Task directions:
Looking at the records below, count how many lines contain the string "schematic". Give that number alone.

Source material:
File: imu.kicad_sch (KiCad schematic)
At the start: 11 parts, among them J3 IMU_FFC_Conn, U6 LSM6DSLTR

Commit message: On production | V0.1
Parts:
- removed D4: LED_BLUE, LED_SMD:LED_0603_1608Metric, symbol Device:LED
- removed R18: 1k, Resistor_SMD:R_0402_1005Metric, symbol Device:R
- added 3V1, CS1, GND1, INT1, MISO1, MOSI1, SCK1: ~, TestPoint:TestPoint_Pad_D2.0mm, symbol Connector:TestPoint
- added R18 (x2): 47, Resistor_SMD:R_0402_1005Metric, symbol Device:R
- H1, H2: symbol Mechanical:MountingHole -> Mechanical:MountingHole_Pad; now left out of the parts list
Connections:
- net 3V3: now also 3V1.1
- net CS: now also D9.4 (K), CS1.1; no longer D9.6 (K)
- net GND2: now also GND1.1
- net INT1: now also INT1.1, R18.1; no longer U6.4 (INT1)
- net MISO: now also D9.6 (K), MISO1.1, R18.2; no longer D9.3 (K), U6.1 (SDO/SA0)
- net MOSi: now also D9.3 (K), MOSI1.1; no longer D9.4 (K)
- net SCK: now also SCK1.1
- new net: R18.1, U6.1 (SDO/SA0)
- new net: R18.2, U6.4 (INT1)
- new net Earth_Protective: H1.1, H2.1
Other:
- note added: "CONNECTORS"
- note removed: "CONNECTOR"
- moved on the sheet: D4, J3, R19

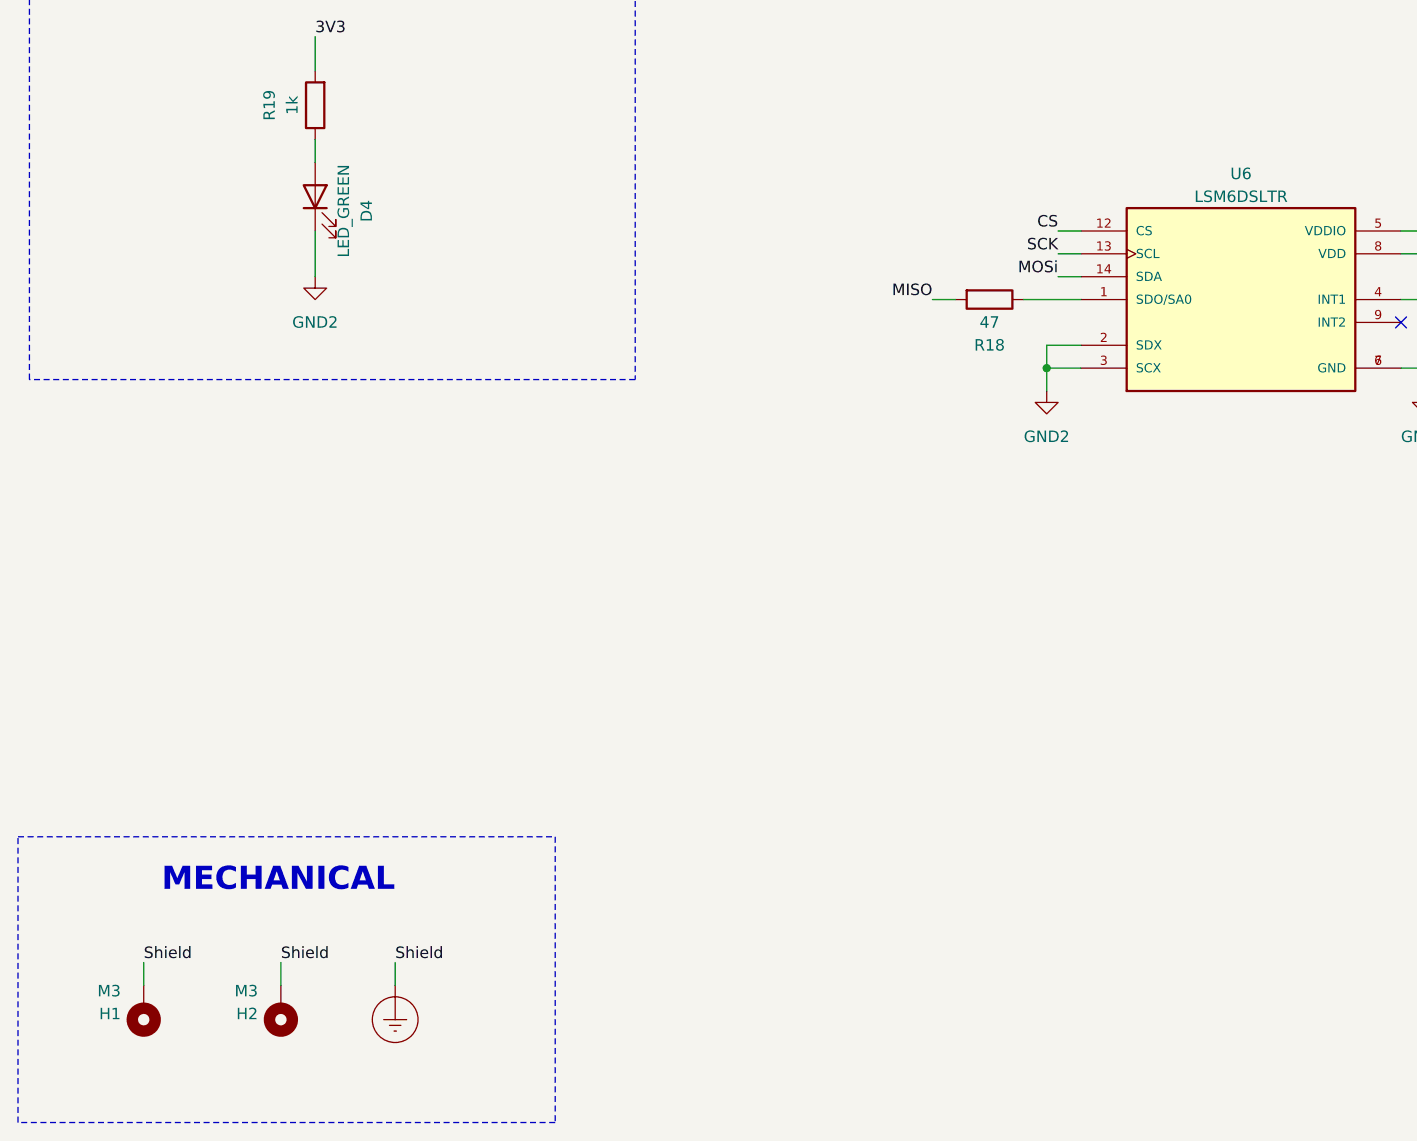
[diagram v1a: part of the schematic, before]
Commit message: Add hysteresis to IR sensor. Update README file.
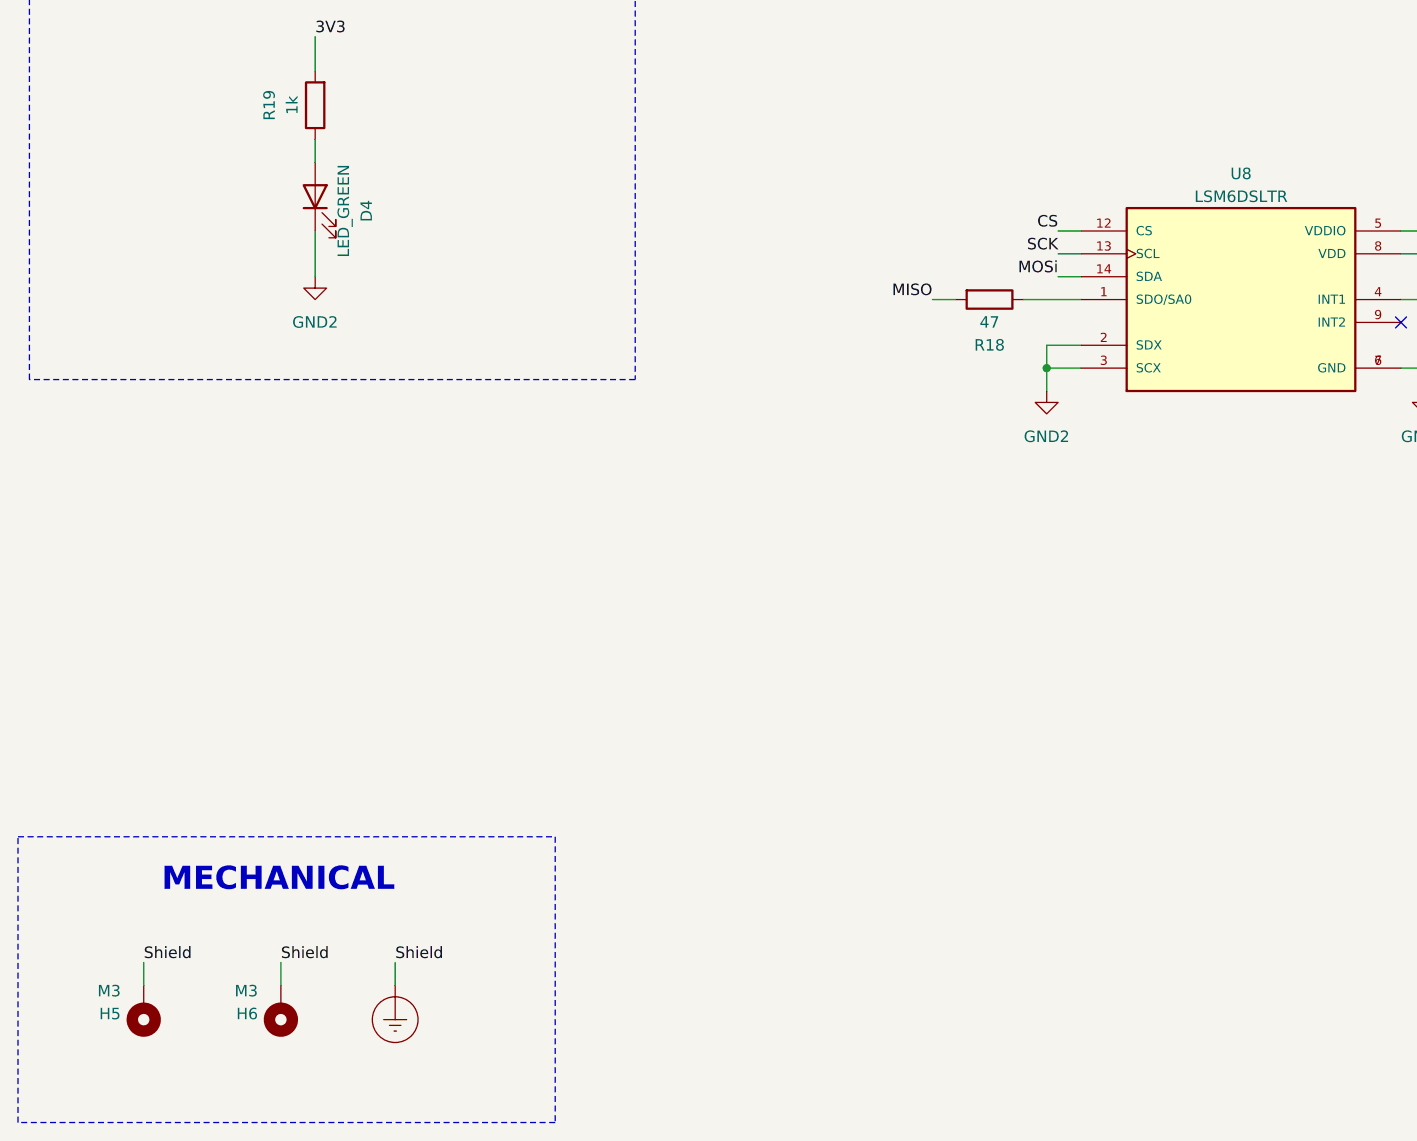
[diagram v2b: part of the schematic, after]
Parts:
- C2: footprint Capacitor_SMD:C_01005_0402Metric -> Capacitor_SMD:C_0402_1005Metric
- D9: footprint Package_TO_SOT_SMD:SOT-23-6 -> Package_TO_SOT_SMD:SOT-363_SC-70-6
- renumbered H1 to H5, H2 to H6, U6 to U8
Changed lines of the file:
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@@
   (symbol (lib_id "power:Earth_Protective") (at 54.61 181.61 0) (unit 1)
     (in_bom yes) (on_board yes) (dnp no) (fields_autoplaced)
-    (property "Reference" "#PWR03" (at 60.96 187.96 0)
+    (property "Reference" "#PWR075" (at 60.96 187.96 0)
       (effects (font (size 1.27 1.27)) hide)
     )
@@
   (symbol (lib_id "power:GND2") (at 168.91 115.57 0) (unit 1)
     (in_bom yes) (on_board yes) (dnp no) (fields_autoplaced)
-    (property "Reference" "#PWR068" (at 168.91 121.92 0)
+    (property "Reference" "#PWR079" (at 168.91 121.92 0)
       (effects (font (size 1.27 1.27)) hide)
     )
@@
   (symbol (lib_id "LSM6DSLTR:LSM6DSLTR") (at 148.59 105.41 0) (unit 1)
     (in_bom yes) (on_board yes) (dnp no) (fields_autoplaced)
-    (property "Reference" "U6" (at 148.59 91.44 0)
+    (property "Reference" "U8" (at 148.59 91.44 0)
       (effects (font (size 1.27 1.27)))
     )
@@
   (symbol (lib_id "power:GND2") (at 102.87 48.26 0) (unit 1)
     (in_bom yes) (on_board yes) (dnp no) (fields_autoplaced)
-    (property "Reference" "#PWR078" (at 102.87 54.61 0)
+    (property "Reference" "#PWR077" (at 102.87 54.61 0)
       (effects (font (size 1.27 1.27)) hide)
     )
@@
   (symbol (lib_id "Mechanical:MountingHole_Pad") (at 26.67 184.15 180) (unit 1)
     (in_bom no) (on_board yes) (dnp no) (fields_autoplaced)
-    (property "Reference" "H1" (at 24.13 184.785 0)
+    (property "Reference" "H5" (at 24.13 184.785 0)
       (effects (font (size 1.27 1.27)) (justify left))
     )
@@
   (symbol (lib_id "power:GND2") (at 57.15 43.18 0) (unit 1)
     (in_bom yes) (on_board yes) (dnp no) (fields_autoplaced)
-    (property "Reference" "#PWR072" (at 57.15 49.53 0)
+    (property "Reference" "#PWR076" (at 57.15 49.53 0)
       (effects (font (size 1.27 1.27)) hide)
     )
@@
       (effects (font (size 1.27 1.27)) (justify left))
     )
-    (property "Footprint" "Capacitor_SMD:C_01005_0402Metric" (at 36.5252 41.91 0)
+    (property "Footprint" "Capacitor_SMD:C_0402_1005Metric" (at 36.5252 41.91 0)
       (effects (font (size 1.27 1.27)) hide)
     )
@@
       (effects (font (size 1.27 1.27)) (justify left))
     )
-    (property "Footprint" "Capacitor_SMD:C_01005_0402Metric" (at 58.1152 41.91 0)
+    (property "Footprint" "Capacitor_SMD:C_0402_1005Metric" (at 58.1152 41.91 0)
       (effects (font (size 1.27 1.27)) hide)
     )
@@
   (symbol (lib_id "power:GND2") (at 35.56 43.18 0) (unit 1)
     (in_bom yes) (on_board yes) (dnp no) (fields_autoplaced)
-    (property "Reference" "#PWR071" (at 35.56 49.53 0)
+    (property "Reference" "#PWR073" (at 35.56 49.53 0)
       (effects (font (size 1.27 1.27)) hide)
     )
@@
   (symbol (lib_id "power:GND2") (at 127 115.57 0) (unit 1)
     (in_bom yes) (on_board yes) (dnp no) (fields_autoplaced)
-    (property "Reference" "#PWR074" (at 127 121.92 0)
+    (property "Reference" "#PWR078" (at 127 121.92 0)
       (effects (font (size 1.27 1.27)) hide)
     )
@@
   (symbol (lib_id "Mechanical:MountingHole_Pad") (at 41.91 184.15 180) (unit 1)
     (in_bom no) (on_board yes) (dnp no) (fields_autoplaced)
-    (property "Reference" "H2" (at 39.37 184.785 0)
+    (property "Reference" "H6" (at 39.37 184.785 0)
       (effects (font (size 1.27 1.27)) (justify left))
     )
@@
   (symbol (lib_id "power:GND2") (at 243.84 44.45 0) (unit 1)
     (in_bom yes) (on_board yes) (dnp no) (fields_autoplaced)
-    (property "Reference" "#PWR067" (at 243.84 50.8 0)
+    (property "Reference" "#PWR081" (at 243.84 50.8 0)
       (effects (font (size 1.27 1.27)) hide)
     )
@@
   (symbol (lib_id "power:GND2") (at 171.45 49.53 0) (unit 1)
     (in_bom yes) (on_board yes) (dnp no) (fields_autoplaced)
-    (property "Reference" "#PWR078" (at 171.45 55.88 0)
+    (property "Reference" "#PWR080" (at 171.45 55.88 0)
       (effects (font (size 1.27 1.27)) hide)
     )
@@
   (symbol (lib_id "power:GND2") (at 45.72 102.87 0) (unit 1)
     (in_bom yes) (on_board yes) (dnp no) (fields_autoplaced)
-    (property "Reference" "#PWR075" (at 45.72 109.22 0)
+    (property "Reference" "#PWR074" (at 45.72 109.22 0)
       (effects (font (size 1.27 1.27)) hide)
     )
@@
       (effects (font (size 1.27 1.27)))
     )
-    (property "Footprint" "Package_TO_SOT_SMD:SOT-23-6" (at 251.46 49.53 0)
+    (property "Footprint" "Package_TO_SOT_SMD:SOT-363_SC-70-6" (at 251.46 49.53 0)
       (effects (font (size 1.27 1.27)) (justify left) hide)
     )

Solution for this problem:
3